Keeping in mind that the market sets the price. I have many of these property managers on my side and they are quoting me truthfully the most they are able to pay. My biggest hurdle, and remember, I'm somewhat new to the paint game, is figuring our what to pay labor to my amigos and how low should I accept from the apt????

Another production (new homes) contractor said he is paying anywhere from 10-15 hour and 1099 our Mexican brothers. However, many of these hombres don't pay taxes and take off. Now Mich. has gotten tougher and is now starting to hold some of these contractors responsible for their taxes? How they can do this, I'm not sure. 

So what I have so far is.
1.Spray them.
2.See what you don't have to paint. Closets, ceilings, ect...
3. More input appreciated.... Thanks


----------



## RobertF (Jan 20, 2006)

I worked for a guy last year that did apartment flips for the landlords. He charged $800 for new paint and carpet in a two bedroom apartment. He and I could do an apartment in about four hours. He has a slick system for it, I'd go in and rip up the carpet and by the minute I was rolled out of his way he was already spraying the walls. After finishing the spraying we tossed down new carpet. Now granted this wasn't high quality work but it made the place look nice for the new tenant.


----------



## pntr_arch_cec82 (Feb 17, 2006)

I use to repaint apts for someone during the summer. I did them in the evenings or weekends so it wouldn't interfere with my day job. The guy use to give me $250CAN for a 2 bedroom. It would take me about 10hrs to do it. The things that took the most time were the damn closets! Sometimes I would also have to paint the kitchen cabninets inside and out. That was the worst. All in all it sucked. I wouln't wanna do it for long. What I wanna say is that you should make sure exactly what you have to paint. If your excluding closets and kitchen cabinetry than I don't think it's all that bad. If your spraying then that's even better.


----------



## JAARONC (Jan 16, 2005)

Here are some tips in apartment repaints. If you cant spray use an 18 inch roller!!! you can fly. If you are repainting older apartments the odds are that they have used the same collor in flat for years, most of the time that can eliminate cutting in. For closets a can of spray kilz works wonders. If there are no base boards you can use a vane from a vertical blind to help cut in down by the carpet.
The apartment complex that I worked for all they wanted is a fresh coat on the walls. Perfection was not in their vocabulary, roll and go. Durring the summer I would have to do 8-10 turns a day acouple days at the end of each month. Durring the middle of the month it was hallways and stairways.


----------



## DPainting (Nov 1, 2005)

Quantity vs. quality


I can honestly tell you that with those prices i'd be looking for a second night shift job....but that's me. Spraying or not and avoiding to repaint some areas....still does not make it worthwhile to me.

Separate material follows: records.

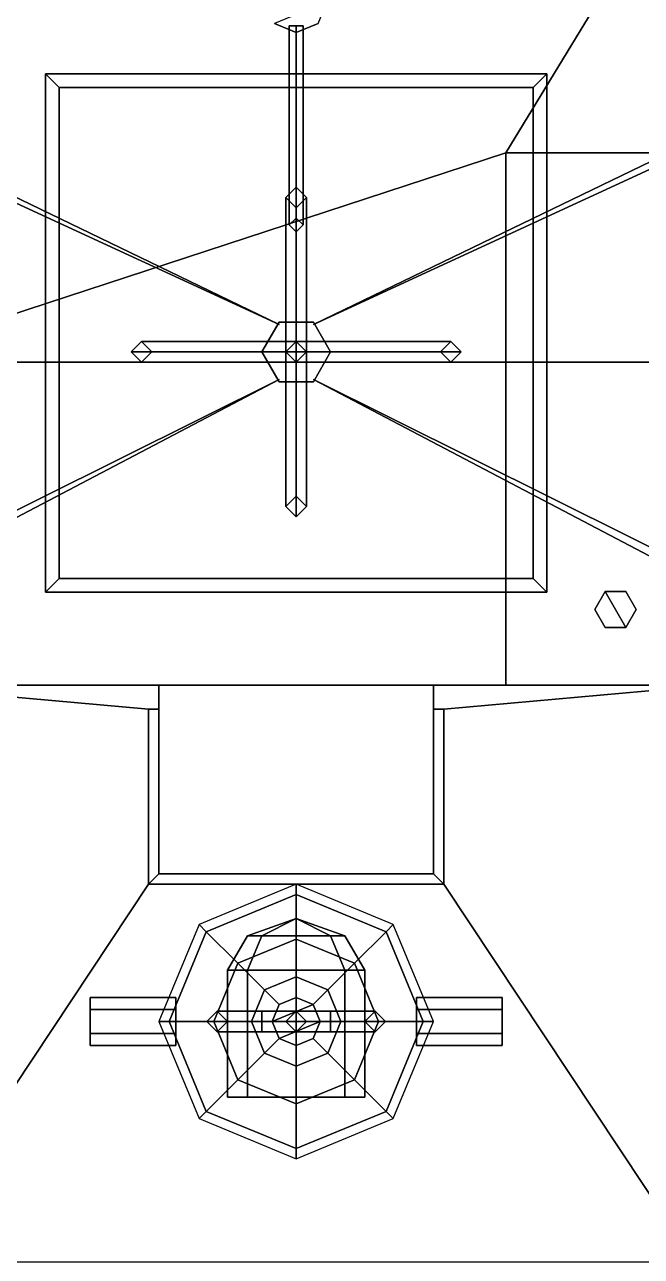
# Model space of a CAD drawing. Header units: millimetres. Extents: x -3 to 3, y -23.4 to 39.1.
# Drawn here: x -0.791 to 1.005, y -9.494 to -5.907 of the extents above; entities that cross this region are included whole.
import ezdxf

# ---------------------------------------------------------------- set-up
doc = ezdxf.new("R2010")
doc.units = ezdxf.units.MM
doc.layers.add('base_43', color=7, linetype='Continuous')
doc.layers.add('underwater', color=1, linetype='Continuous')

msp = doc.modelspace()

# ---------------------------------------------------------------- linework, layer by layer
for points in [[(-1.92, -4.13, 2.03), (-1.25, -6.89, 1.85), (0.61, -6.28, 1.85), (1.92, -4.13, 2.03)], [(1.21, -6.28, 1.85), (1.92, -4.13, 2.03), (1.92, -4.13, 2.03), (0.61, -6.28, 1.85)], [(-2.8, -5.45, 1.1), (-0.05, -6.78, 6.67), (-0.05, -6.78, 6.54), (-2.8, -5.51, 1.1)], [(-2.8, -5.51, 1.1), (-0.05, -6.78, 6.54), (-0.05, -6.78, 6.67), (-2.8, -5.45, 1.1)], [(2.8, -5.51, 1.1), (0.05, -6.78, 6.54), (0.05, -6.78, 6.67), (2.8, -5.45, 1.1)], [(2.8, -5.45, 1.1), (0.05, -6.78, 6.67), (0.05, -6.78, 6.54), (2.8, -5.51, 1.1)], [(0.73, -6.05, 7.06), (0.73, -7.56, 7.06), (-0.73, -7.56, 7.06), (-0.73, -6.05, 7.06)], [(-0.73, -6.05, 7.06), (-0.73, -6.05, 7.72), (0.73, -6.05, 7.72), (0.73, -6.05, 7.06)], [(-0.73, -6.05, 7.72), (-0.69, -6.09, 7.72), (0.69, -6.09, 7.72), (0.73, -6.05, 7.72)], [(-0.73, -7.56, 7.72), (-0.69, -7.52, 7.72), (-0.69, -6.09, 7.72), (-0.73, -6.05, 7.72)], [(-0.73, -7.56, 7.06), (-0.73, -7.56, 7.72), (-0.73, -6.05, 7.72), (-0.73, -6.05, 7.06)], [(0.69, -7.52, 7.72), (0.73, -7.56, 7.72), (0.73, -6.05, 7.72), (0.69, -6.09, 7.72)], [(0.73, -6.05, 7.06), (0.73, -6.05, 7.72), (0.73, -7.56, 7.72), (0.73, -7.56, 7.06)], [(-0.69, -6.09, 7.1), (-0.69, -7.52, 7.1), (0.69, -7.52, 7.1), (0.69, -6.09, 7.1)], [(0.69, -6.09, 7.1), (0.69, -6.09, 7.72), (-0.69, -6.09, 7.72), (-0.69, -6.09, 7.1)], [(-0.69, -6.09, 7.1), (-0.69, -6.09, 7.72), (-0.69, -7.52, 7.72), (-0.69, -7.52, 7.1)], [(0.69, -7.52, 7.1), (0.69, -7.52, 7.72), (0.69, -6.09, 7.72), (0.69, -6.09, 7.1)], [(-1.25, -6.89, 1.85), (-1.21, -7.83, 1.85), (0.61, -7.83, 1.85), (0.61, -6.28, 1.85)], [(0.61, -6.28, 1.85), (0.61, -7.83, 1.85), (0.61, -7.83, 3.78), (0.61, -6.28, 3.78)], [(1.21, -6.28, 3.78), (1.21, -6.28, 1.85), (0.61, -6.28, 1.85), (0.61, -6.28, 3.78)], [(0.61, -6.28, 3.78), (0.61, -7.83, 3.78), (1.21, -7.83, 3.78), (1.21, -6.28, 3.78)], [(0, -6.83, 6.3), (-0.03, -6.86, 6.3), (-0.03, -6.41, 7.06), (0, -6.38, 7.06)], [(0.03, -6.86, 6.3), (0, -6.83, 6.3), (0, -6.38, 7.06), (0.03, -6.41, 7.06)], [(-0.03, -6.86, 6.3), (0, -6.89, 6.3), (0, -6.44, 7.06), (-0.03, -6.41, 7.06)], [(0, -6.89, 6.3), (0.03, -6.86, 6.3), (0.03, -6.41, 7.06), (0, -6.44, 7.06)], [(-0.05, -6.7734, 1.85), (-0.1, -6.86, 1.85), (-0.1, -6.86, 7.06), (-0.05, -6.7734, 7.06)], [(0.05, -6.7734, 1.85), (-0.05, -6.7734, 1.85), (-0.05, -6.7734, 7.06), (0.05, -6.7734, 7.06)], [(0.1, -6.86, 1.85), (0.05, -6.7734, 1.85), (0.05, -6.7734, 7.06), (0.1, -6.86, 7.06)], [(0, -6.83, 6.3), (-0.03, -6.86, 6.3), (-0.48, -6.86, 7.06), (-0.45, -6.83, 7.06)], [(0.03, -6.86, 6.3), (0, -6.83, 6.3), (-0.45, -6.83, 7.06), (-0.42, -6.86, 7.06)], [(0, -6.83, 6.3), (-0.03, -6.86, 6.3), (0.42, -6.86, 7.06), (0.45, -6.83, 7.06)], [(0, -6.83, 6.3), (-0.03, -6.86, 6.3), (-0.03, -7.31, 7.06), (0, -7.28, 7.06)], [(0.03, -6.86, 6.3), (0, -6.83, 6.3), (0.45, -6.83, 7.06), (0.48, -6.86, 7.06)], [(0.03, -6.86, 6.3), (0, -6.83, 6.3), (0, -7.28, 7.06), (0.03, -7.31, 7.06)], [(-0.03, -6.86, 6.3), (0, -6.89, 6.3), (-0.45, -6.89, 7.06), (-0.48, -6.86, 7.06)], [(0, -6.89, 6.3), (0.03, -6.86, 6.3), (-0.42, -6.86, 7.06), (-0.45, -6.89, 7.06)], [(-0.1, -6.86, 1.85), (-0.05, -6.9466, 1.85), (-0.05, -6.9466, 7.06), (-0.1, -6.86, 7.06)], [(-0.03, -6.86, 6.3), (0, -6.89, 6.3), (0.45, -6.89, 7.06), (0.42, -6.86, 7.06)], [(-0.03, -6.86, 6.3), (0, -6.89, 6.3), (0, -7.34, 7.06), (-0.03, -7.31, 7.06)], [(0, -6.89, 6.3), (0.03, -6.86, 6.3), (0.48, -6.86, 7.06), (0.45, -6.89, 7.06)], [(0, -6.89, 6.3), (0.03, -6.86, 6.3), (0.03, -7.31, 7.06), (0, -7.34, 7.06)], [(0.05, -6.9466, 1.85), (0.1, -6.86, 1.85), (0.1, -6.86, 7.06), (0.05, -6.9466, 7.06)], [(-2.6, -8.21, 1.21), (-0.05, -6.94, 6.54), (-0.05, -6.94, 6.67), (-2.6, -8.28, 1.21)], [(-2.6, -8.28, 1.21), (-0.05, -6.94, 6.67), (-0.05, -6.94, 6.54), (-2.6, -8.21, 1.21)], [(-0.05, -6.9466, 1.85), (0.05, -6.9466, 1.85), (0.05, -6.9466, 7.06), (-0.05, -6.9466, 7.06)], [(2.6, -8.28, 1.21), (0.05, -6.94, 6.67), (0.05, -6.94, 6.54), (2.6, -8.21, 1.21)], [(2.6, -8.21, 1.21), (0.05, -6.94, 6.54), (0.05, -6.94, 6.67), (2.6, -8.28, 1.21)], [(-0.69, -7.52, 7.72), (-0.73, -7.56, 7.72), (0.73, -7.56, 7.72), (0.69, -7.52, 7.72)], [(-0.69, -7.52, 7.1), (-0.69, -7.52, 7.72), (0.69, -7.52, 7.72), (0.69, -7.52, 7.1)], [(0.73, -7.56, 7.06), (0.73, -7.56, 7.72), (-0.73, -7.56, 7.72), (-0.73, -7.56, 7.06)], [(0.9, -7.558, 3.78), (0.87, -7.61, 3.78), (0.87, -7.61, 5.69), (0.9, -7.558, 5.69)], [(0.96, -7.662, 5.69), (0.9, -7.558, 5.69), (0.87, -7.61, 5.69), (0.9, -7.662, 5.69)], [(0.96, -7.558, 3.78), (0.9, -7.558, 3.78), (0.9, -7.558, 5.69), (0.96, -7.558, 5.69)], [(0.99, -7.61, 5.69), (0.96, -7.558, 5.69), (0.9, -7.558, 5.69), (0.96, -7.662, 5.69)], [(0.99, -7.61, 3.78), (0.96, -7.558, 3.78), (0.96, -7.558, 5.69), (0.99, -7.61, 5.69)], [(0.87, -7.61, 3.78), (0.9, -7.662, 3.78), (0.9, -7.662, 5.69), (0.87, -7.61, 5.69)], [(0.96, -7.662, 3.78), (0.99, -7.61, 3.78), (0.99, -7.61, 5.69), (0.96, -7.662, 5.69)], [(0.9, -7.662, 3.78), (0.96, -7.662, 3.78), (0.96, -7.662, 5.69), (0.9, -7.662, 5.69)], [(0.4, -7.83, 2.77), (0.61, -7.83, 1.85), (-1.21, -7.83, 1.85), (-0.4, -7.83, 2.77)], [(-1.21, -7.83, 3.97), (-1.16, -9.51, 3.97), (-0.43, -8.41, 3.97), (-0.43, -7.9, 3.97)], [(-0.4, -7.83, 3.97), (-0.4, -7.83, 2.77), (-1.21, -7.83, 1.85), (-1.21, -7.83, 3.97)], [(-0.4, -7.9, 3.97), (-0.4, -7.83, 3.97), (-1.21, -7.83, 3.97), (-0.43, -7.9, 3.97)], [(-0.4, -8.38, 3.97), (-0.4, -8.38, 2.77), (-0.4, -7.83, 2.77), (-0.4, -7.83, 3.97)], [(0.4, -8.38, 2.77), (0.4, -7.83, 2.77), (-0.4, -7.83, 2.77), (-0.4, -8.38, 2.77)], [(0.4, -7.83, 2.77), (0.4, -8.38, 2.77), (0.4, -8.38, 3.97), (0.4, -7.83, 3.97)], [(0.43, -7.9, 3.97), (1.21, -7.83, 3.97), (0.4, -7.83, 3.97), (0.4, -7.9, 3.97)], [(0.61, -7.83, 3.78), (0.4, -7.83, 3.97), (1.21, -7.83, 3.97), (1.21, -7.83, 3.78)], [(0.61, -7.83, 1.85), (0.4, -7.83, 2.77), (0.4, -7.83, 3.97), (0.61, -7.83, 3.78)], [(0.43, -8.41, 3.97), (1.16, -9.51, 3.97), (1.21, -7.83, 3.97), (0.43, -7.9, 3.97)], [(-0.43, -7.9, 4.27), (-0.43, -8.41, 4.27), (-0.4, -8.38, 4.27), (-0.4, -7.9, 4.27)], [(-0.4, -7.9, 4.27), (-0.4, -7.9, 3.97), (-0.43, -7.9, 3.97), (-0.43, -7.9, 4.27)], [(-0.43, -7.9, 3.97), (-0.43, -8.41, 3.97), (-0.43, -8.41, 4.27), (-0.43, -7.9, 4.27)], [(0.4, -7.9, 4.27), (0.4, -8.38, 4.27), (0.43, -8.41, 4.27), (0.43, -7.9, 4.27)], [(0.43, -7.9, 4.27), (0.43, -7.9, 3.97), (0.4, -7.9, 3.97), (0.4, -7.9, 4.27)], [(0.43, -8.41, 4.27), (0.43, -8.41, 3.97), (0.43, -7.9, 3.97), (0.43, -7.9, 4.27)], [(-0.43, -8.41, 4.27), (0.43, -8.41, 4.27), (0.4, -8.38, 4.27), (-0.4, -8.38, 4.27)], [(0.4, -8.38, 4.27), (0.4, -8.38, 2.77), (-0.4, -8.38, 2.77), (-0.4, -8.38, 4.27)], [(-0.43, -8.41, 3.97), (-1.16, -9.51, 3.97), (1.16, -9.51, 3.97), (0.43, -8.41, 3.97)], [(-0.43, -8.41, 3.97), (0.43, -8.41, 3.97), (0.43, -8.41, 4.27), (-0.43, -8.41, 4.27)], [(0, -8.41, 3.97), (-0.2828, -8.5272, 3.97), (-0.2616, -8.5484, 4.3), (0, -8.44, 4.3)], [(0.2828, -8.5272, 3.97), (0, -8.41, 3.97), (0, -8.44, 4.3), (0.2616, -8.5484, 4.3)], [(0, -8.44, 4.3), (-0.2616, -8.5484, 4.3), (-0.1697, -8.6403, 4.66), (0, -8.57, 4.66)], [(0.2616, -8.5484, 4.3), (0, -8.44, 4.3), (0, -8.57, 4.66), (0.1697, -8.6403, 4.66)], [(-0.2828, -8.5272, 3.97), (-0.4, -8.81, 3.97), (-0.37, -8.81, 4.3), (-0.2616, -8.5484, 4.3)], [(0, -8.51, 5.44), (-0.1414, -8.56, 5.44), (-0.1, -8.56, 5.54), (0, -8.51, 5.44)], [(0, -8.51, 5.44), (-0.1, -8.56, 5.34), (-0.1414, -8.56, 5.44), (0, -8.51, 5.44)], [(0, -8.51, 5.44), (-0.1, -8.56, 5.54), (0, -8.56, 5.5814), (0, -8.51, 5.44)], [(0, -8.51, 5.44), (0, -8.56, 5.2986), (-0.1, -8.56, 5.34), (0, -8.51, 5.44)], [(0, -8.51, 5.44), (0, -8.56, 5.5814), (0.1, -8.56, 5.54), (0, -8.51, 5.44)], [(0, -8.51, 5.44), (0.1, -8.56, 5.54), (0.1414, -8.56, 5.44), (0, -8.51, 5.44)], [(0, -8.51, 5.44), (0.1414, -8.56, 5.44), (0.1, -8.56, 5.34), (0, -8.51, 5.44)], [(0, -8.51, 5.44), (0.1, -8.56, 5.34), (0, -8.56, 5.2986), (0, -8.51, 5.44)], [(0.4, -8.81, 3.97), (0.2828, -8.5272, 3.97), (0.2616, -8.5484, 4.3), (0.37, -8.81, 4.3)], [(-0.2616, -8.5484, 4.3), (-0.37, -8.81, 4.3), (-0.24, -8.81, 4.66), (-0.1697, -8.6403, 4.66)], [(-0.1414, -8.56, 5.44), (-0.2, -8.66, 5.44), (-0.1414, -8.66, 5.5814), (-0.1, -8.56, 5.54)], [(-0.1, -8.56, 5.34), (-0.1414, -8.66, 5.2986), (-0.2, -8.66, 5.44), (-0.1414, -8.56, 5.44)], [(0, -8.57, 4.66), (-0.1697, -8.6403, 4.66), (-0.0919, -8.7181, 4.66), (0, -8.68, 4.66)], [(-0.1, -8.56, 5.54), (-0.1414, -8.66, 5.5814), (0, -8.66, 5.64), (0, -8.56, 5.5814)], [(0, -8.56, 5.2986), (0, -8.66, 5.24), (-0.1414, -8.66, 5.2986), (-0.1, -8.56, 5.34)], [(0, -8.56, 5.5814), (0, -8.66, 5.64), (0.1414, -8.66, 5.5814), (0.1, -8.56, 5.54)], [(0.1, -8.56, 5.34), (0.1414, -8.66, 5.2986), (0, -8.66, 5.24), (0, -8.56, 5.2986)], [(0.1697, -8.6403, 4.66), (0, -8.57, 4.66), (0, -8.68, 4.66), (0.0919, -8.7181, 4.66)], [(0.1, -8.56, 5.54), (0.1414, -8.66, 5.5814), (0.2, -8.66, 5.44), (0.1414, -8.56, 5.44)], [(0.1414, -8.56, 5.44), (0.2, -8.66, 5.44), (0.1414, -8.66, 5.2986), (0.1, -8.56, 5.34)], [(0.37, -8.81, 4.3), (0.2616, -8.5484, 4.3), (0.1697, -8.6403, 4.66), (0.24, -8.81, 4.66)], [(-0.1697, -8.6403, 4.66), (-0.24, -8.81, 4.66), (-0.13, -8.81, 4.66), (-0.0919, -8.7181, 4.66)], [(0.24, -8.81, 4.66), (0.1697, -8.6403, 4.66), (0.0919, -8.7181, 4.66), (0.13, -8.81, 4.66)], [(-0.1414, -8.66, 5.5814), (-0.2, -8.66, 5.44), (-0.2, -9.03, 5.44), (-0.1414, -9.03, 5.5814)], [(-0.2, -8.66, 5.44), (-0.1414, -8.66, 5.2986), (-0.1414, -9.03, 5.2986), (-0.2, -9.03, 5.44)], [(0, -8.66, 5.64), (-0.1414, -8.66, 5.5814), (-0.1414, -9.03, 5.5814), (0, -9.03, 5.64)], [(-0.1414, -8.66, 5.2986), (0, -8.66, 5.24), (0, -9.03, 5.24), (-0.1414, -9.03, 5.2986)], [(0, -8.68, 4.81), (-0.0919, -8.7181, 4.81), (-0.0495, -8.7605, 4.88), (0, -8.74, 4.88)], [(0, -8.68, 4.66), (-0.0919, -8.7181, 4.66), (-0.0919, -8.7181, 4.81), (0, -8.68, 4.81)], [(0.1414, -8.66, 5.5814), (0, -8.66, 5.64), (0, -9.03, 5.64), (0.1414, -9.03, 5.5814)], [(0, -8.66, 5.24), (0.1414, -8.66, 5.2986), (0.1414, -9.03, 5.2986), (0, -9.03, 5.24)], [(0.0919, -8.7181, 4.81), (0, -8.68, 4.81), (0, -8.74, 4.88), (0.0495, -8.7605, 4.88)], [(0.0919, -8.7181, 4.66), (0, -8.68, 4.66), (0, -8.68, 4.81), (0.0919, -8.7181, 4.81)], [(0.2, -8.66, 5.44), (0.1414, -8.66, 5.5814), (0.1414, -9.03, 5.5814), (0.2, -9.03, 5.44)], [(0.1414, -8.66, 5.2986), (0.2, -8.66, 5.44), (0.2, -9.03, 5.44), (0.1414, -9.03, 5.2986)], [(-0.35, -8.775, 4.2506), (-0.35, -8.74, 4.19), (-0.6, -8.74, 4.19), (-0.6, -8.775, 4.2506)], [(-0.35, -8.74, 4.19), (-0.35, -8.775, 4.1294), (-0.6, -8.775, 4.1294), (-0.6, -8.74, 4.19)], [(-0.6, -8.845, 4.2506), (-0.6, -8.775, 4.2506), (-0.6, -8.74, 4.19), (-0.6, -8.88, 4.19)], [(-0.6, -8.88, 4.19), (-0.6, -8.74, 4.19), (-0.6, -8.775, 4.1294), (-0.6, -8.845, 4.1294)], [(-0.0919, -8.7181, 4.81), (-0.13, -8.81, 4.81), (-0.07, -8.81, 4.88), (-0.0495, -8.7605, 4.88)], [(-0.0919, -8.7181, 4.66), (-0.13, -8.81, 4.66), (-0.13, -8.81, 4.81), (-0.0919, -8.7181, 4.81)], [(0, -8.74, 4.88), (-0.0495, -8.7605, 4.88), (-0.07, -8.81, 4.88), (0.0495, -8.7605, 4.88)], [(0.13, -8.81, 4.81), (0.0919, -8.7181, 4.81), (0.0495, -8.7605, 4.88), (0.07, -8.81, 4.88)], [(0.13, -8.81, 4.66), (0.0919, -8.7181, 4.66), (0.0919, -8.7181, 4.81), (0.13, -8.81, 4.81)], [(0.35, -8.775, 4.1294), (0.35, -8.74, 4.19), (0.6, -8.74, 4.19), (0.6, -8.775, 4.1294)], [(0.35, -8.74, 4.19), (0.35, -8.775, 4.2506), (0.6, -8.775, 4.2506), (0.6, -8.74, 4.19)], [(0.6, -8.74, 4.19), (0.6, -8.88, 4.19), (0.6, -8.845, 4.1294), (0.6, -8.775, 4.1294)], [(0.6, -8.775, 4.2506), (0.6, -8.845, 4.2506), (0.6, -8.88, 4.19), (0.6, -8.74, 4.19)], [(-0.35, -8.845, 4.2506), (-0.35, -8.775, 4.2506), (-0.6, -8.775, 4.2506), (-0.6, -8.845, 4.2506)], [(-0.35, -8.775, 4.1294), (-0.35, -8.845, 4.1294), (-0.6, -8.845, 4.1294), (-0.6, -8.775, 4.1294)], [(-0.26, -8.81, 5.27), (-0.23, -8.78, 5.27), (-0.1, -8.78, 5.1), (-0.1, -8.81, 5.07)], [(-0.23, -8.78, 5.27), (-0.26, -8.81, 5.27), (-0.26, -8.81, 5.49), (-0.23, -8.78, 5.49)], [(-0.23, -8.78, 5.49), (-0.26, -8.81, 5.49), (-0.23, -8.84, 5.49), (-0.2, -8.81, 5.49)], [(-0.23, -8.78, 5.27), (-0.2, -8.81, 5.27), (-0.1, -8.81, 5.13), (-0.1, -8.78, 5.1)], [(-0.2, -8.81, 5.27), (-0.23, -8.78, 5.27), (-0.23, -8.78, 5.49), (-0.2, -8.81, 5.49)], [(0.1, -8.81, 5.13), (0.1, -8.78, 5.1), (-0.1, -8.78, 5.1), (-0.1, -8.81, 5.13)], [(0.1, -8.78, 5.1), (0.1, -8.81, 5.07), (-0.1, -8.81, 5.07), (-0.1, -8.78, 5.1)], [(0.0495, -8.7605, 4.88), (-0.07, -8.81, 4.88), (-0.0495, -8.8595, 4.88), (0.07, -8.81, 4.88)], [(0, -8.78, 4.88), (-0.03, -8.81, 4.88), (-0.03, -8.81, 5.07), (0, -8.78, 5.1)], [(0.03, -8.81, 4.88), (0, -8.78, 4.88), (0, -8.78, 5.1), (0.03, -8.81, 5.07)], [(0.2, -8.81, 5.27), (0.23, -8.78, 5.27), (0.1, -8.78, 5.1), (0.1, -8.81, 5.13)], [(0.23, -8.78, 5.27), (0.26, -8.81, 5.27), (0.1, -8.81, 5.07), (0.1, -8.78, 5.1)], [(0.23, -8.78, 5.27), (0.2, -8.81, 5.27), (0.2, -8.81, 5.49), (0.23, -8.78, 5.49)], [(0.23, -8.78, 5.49), (0.2, -8.81, 5.49), (0.23, -8.84, 5.49), (0.26, -8.81, 5.49)], [(0.26, -8.81, 5.27), (0.23, -8.78, 5.27), (0.23, -8.78, 5.49), (0.26, -8.81, 5.49)], [(0.35, -8.845, 4.1294), (0.35, -8.775, 4.1294), (0.6, -8.775, 4.1294), (0.6, -8.845, 4.1294)], [(0.35, -8.775, 4.2506), (0.35, -8.845, 4.2506), (0.6, -8.845, 4.2506), (0.6, -8.775, 4.2506)], [(-0.4, -8.81, 3.97), (-0.2828, -9.0928, 3.97), (-0.2616, -9.0716, 4.3), (-0.37, -8.81, 4.3)], [(-0.37, -8.81, 4.3), (-0.2616, -9.0716, 4.3), (-0.1697, -8.9797, 4.66), (-0.24, -8.81, 4.66)], [(-0.23, -8.84, 5.27), (-0.26, -8.81, 5.27), (-0.1, -8.81, 5.07), (-0.1, -8.84, 5.1)], [(-0.26, -8.81, 5.27), (-0.23, -8.84, 5.27), (-0.23, -8.84, 5.49), (-0.26, -8.81, 5.49)], [(-0.24, -8.81, 4.66), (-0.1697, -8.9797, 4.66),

But, IF it works for you go for it.

Goodluck.


----------



## bukjohn (Feb 8, 2006)

*paint apartment*

paint apartment is to many low bid painter ,here in indianapolis IN is bout 13cent to 19 cent per sqft,the apartment i work a unit on one bedroom one bath is $125,2-2 or 2-1 is $175 is no good to many painter go down to low $ i am going to find somthing els to do for now,each unit take about 3hrs to do with color change on 1-1 on 2-2 is about 4hrs to do with one person that me


----------



## slickshift (Jun 14, 2005)

Wetpaint said:


> Keeping in mind that the market sets the price.


You are incorrect
If you are letting the absolute lowest bidder set your prices you are doomed
You can "get work", but you can't *run a business* that way
It doesn't work
Ever
There will always be a newer, hungrier, guy out there willing to do it for less
Don't worry, he won't make it either



Wetpaint said:


> I have many of these property managers on my side and they are quoting me truthfully the most they are able to pay.


Also incorrect
They are telling you truthfully what they want to pay


----------



## Logic444 (Feb 17, 2018)

I am in the exact same dilemma. They are paying me 0.18 cent can you help? 

http://www.contractortalk.com/f8/ap...newbie-385730-new-post/#/topics/385730?page=2


----------



## KAP (Feb 19, 2011)

There's a whole bunch of red flags here...



Wetpaint said:


> *Keeping in mind that the market sets the price. *I have many of these *property managers on my side and they are quoting me truthfully the most they are able to pay.* My biggest hurdle, and remember, I'm somewhat new to the paint game, is figuring our what to pay labor to my amigos and how low should I accept from the apt????
> 
> Another production (new homes) contractor said he is paying anywhere *from 10-15 hour and 1099 our Mexican brothers*. However, many of these hombres *don't pay taxes and take off.* Now Mich. has gotten tougher and* is now starting to hold some of these contractors responsible for their taxes? How they can do this, I'm not sure.*





Wetpaint said:


> *Bank at least half the contract price as profit.*





Wetpaint said:


> I figure I'm basically looking at banking half of each contracted price. *I need to avg 2.5 of these a day to meet 50k for the year minimum*.


Based on the numbers posted, and business philosophy, even if it all goes according to plan (and it won't) and you had no issues, you're going to find it hard to "bank" $50K in this scenario...


----------